(Data for analysis)

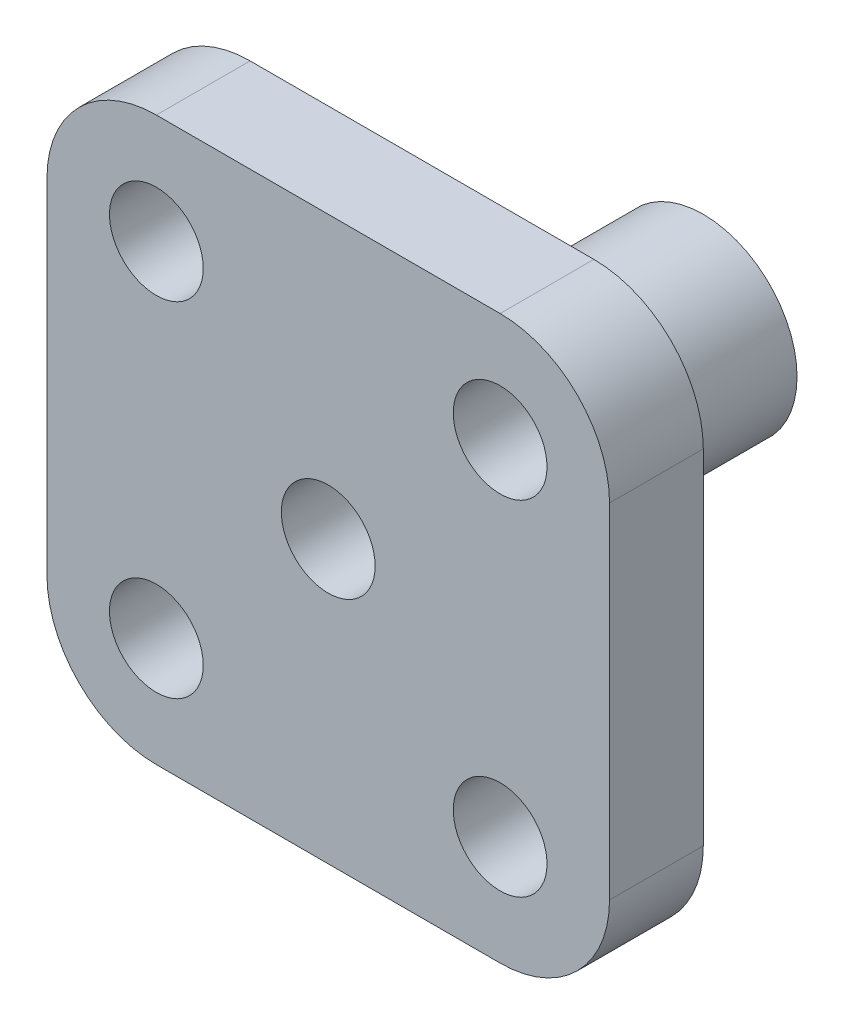
from build123d import *

# Parameters (mm, degrees)
SKETCH1_W           = 0.75
SKETCH1_H           = 2.25
SKETCH2_W           = 4.5
SKETCH2_H           = 4.5
BOSS_EXTRUDE1_DEPTH = 0.75
FILLET2_R           = 0.875
SKETCH6_R           = 0.375
CUT_EXTRUDE1_DEPTH  = 0.75
SKETCH9_R           = 0.65625
CUT_EXTRUDE2_DEPTH  = 2.25


with BuildPart() as part:
    # Sketch1 → Revolve1 (revolve)
    with BuildSketch(Plane(origin=(0, 0, 0), x_dir=(1, 0, 0), z_dir=(0, 1, 0))):
        with Locations((0.375, 1.125)):
            Rectangle(SKETCH1_W, SKETCH1_H)
    revolve(axis=Axis((0, 0, -2.883913043), (0, 0, 1)))

    # Sketch2 → Boss-Extrude1 (add)
    with BuildSketch(Plane.XY):
        Rectangle(SKETCH2_W, SKETCH2_H)
    extrude(amount=BOSS_EXTRUDE1_DEPTH)

    # Fillet2
    fillet2_edges = [part.edges().sort_by_distance(p)[0] for p in [
        (2.25, -2.25, 0.375),
        (2.25, 2.25, 0.375),
        (-2.25, 2.25, 0.375),
        (-2.25, -2.25, 0.375),
    ]]
    fillet(fillet2_edges, radius=FILLET2_R)

    # Sketch6 → Cut-Extrude1 (cut)
    with BuildSketch(Plane.XY.offset(0.75)):
        with Locations((-1.375, 1.375)):
            Circle(SKETCH6_R)
        with Locations((1.375, 1.375)):
            Circle(SKETCH6_R)
        Circle(SKETCH6_R)
        with Locations((-1.375, -1.375)):
            Circle(SKETCH6_R)
        with Locations((1.375, -1.375)):
            Circle(SKETCH6_R)
    extrude(amount=-CUT_EXTRUDE1_DEPTH, mode=Mode.SUBTRACT)

    # Sketch9 → Cut-Extrude2 (cut)
    with BuildSketch(Plane(origin=(0, 0, -2.25), x_dir=(-1, 0, 0), z_dir=(0, 0, -1))):
        Circle(SKETCH9_R)
    extrude(amount=-CUT_EXTRUDE2_DEPTH, mode=Mode.SUBTRACT)


solid = part.part

(End Data for analysis)

Problem requirements »
Working from the material above, transcribe it exactly while omitting pictures.

Answer below »
from build123d import *

# Parameters (mm, degrees)
SKETCH1_W           = 0.75
SKETCH1_H           = 2.25
SKETCH2_W           = 4.5
SKETCH2_H           = 4.5
BOSS_EXTRUDE1_DEPTH = 0.75
FILLET2_R           = 0.875
SKETCH6_R           = 0.375
CUT_EXTRUDE1_DEPTH  = 0.75
SKETCH9_R           = 0.65625
CUT_EXTRUDE2_DEPTH  = 2.25


with BuildPart() as part:
    # Sketch1 → Revolve1 (revolve)
    with BuildSketch(Plane(origin=(0, 0, 0), x_dir=(1, 0, 0), z_dir=(0, 1, 0))):
        with Locations((0.375, 1.125)):
            Rectangle(SKETCH1_W, SKETCH1_H)
    revolve(axis=Axis((0, 0, -2.883913043), (0, 0, 1)))

    # Sketch2 → Boss-Extrude1 (add)
    with BuildSketch(Plane.XY):
        Rectangle(SKETCH2_W, SKETCH2_H)
    extrude(amount=BOSS_EXTRUDE1_DEPTH)

    # Fillet2
    fillet2_edges = [part.edges().sort_by_distance(p)[0] for p in [
        (2.25, -2.25, 0.375),
        (2.25, 2.25, 0.375),
        (-2.25, 2.25, 0.375),
        (-2.25, -2.25, 0.375),
    ]]
    fillet(fillet2_edges, radius=FILLET2_R)

    # Sketch6 → Cut-Extrude1 (cut)
    with BuildSketch(Plane.XY.offset(0.75)):
        with Locations((-1.375, 1.375)):
            Circle(SKETCH6_R)
        with Locations((1.375, 1.375)):
            Circle(SKETCH6_R)
        Circle(SKETCH6_R)
        with Locations((-1.375, -1.375)):
            Circle(SKETCH6_R)
        with Locations((1.375, -1.375)):
            Circle(SKETCH6_R)
    extrude(amount=-CUT_EXTRUDE1_DEPTH, mode=Mode.SUBTRACT)

    # Sketch9 → Cut-Extrude2 (cut)
    with BuildSketch(Plane(origin=(0, 0, -2.25), x_dir=(-1, 0, 0), z_dir=(0, 0, -1))):
        Circle(SKETCH9_R)
    extrude(amount=-CUT_EXTRUDE2_DEPTH, mode=Mode.SUBTRACT)


solid = part.part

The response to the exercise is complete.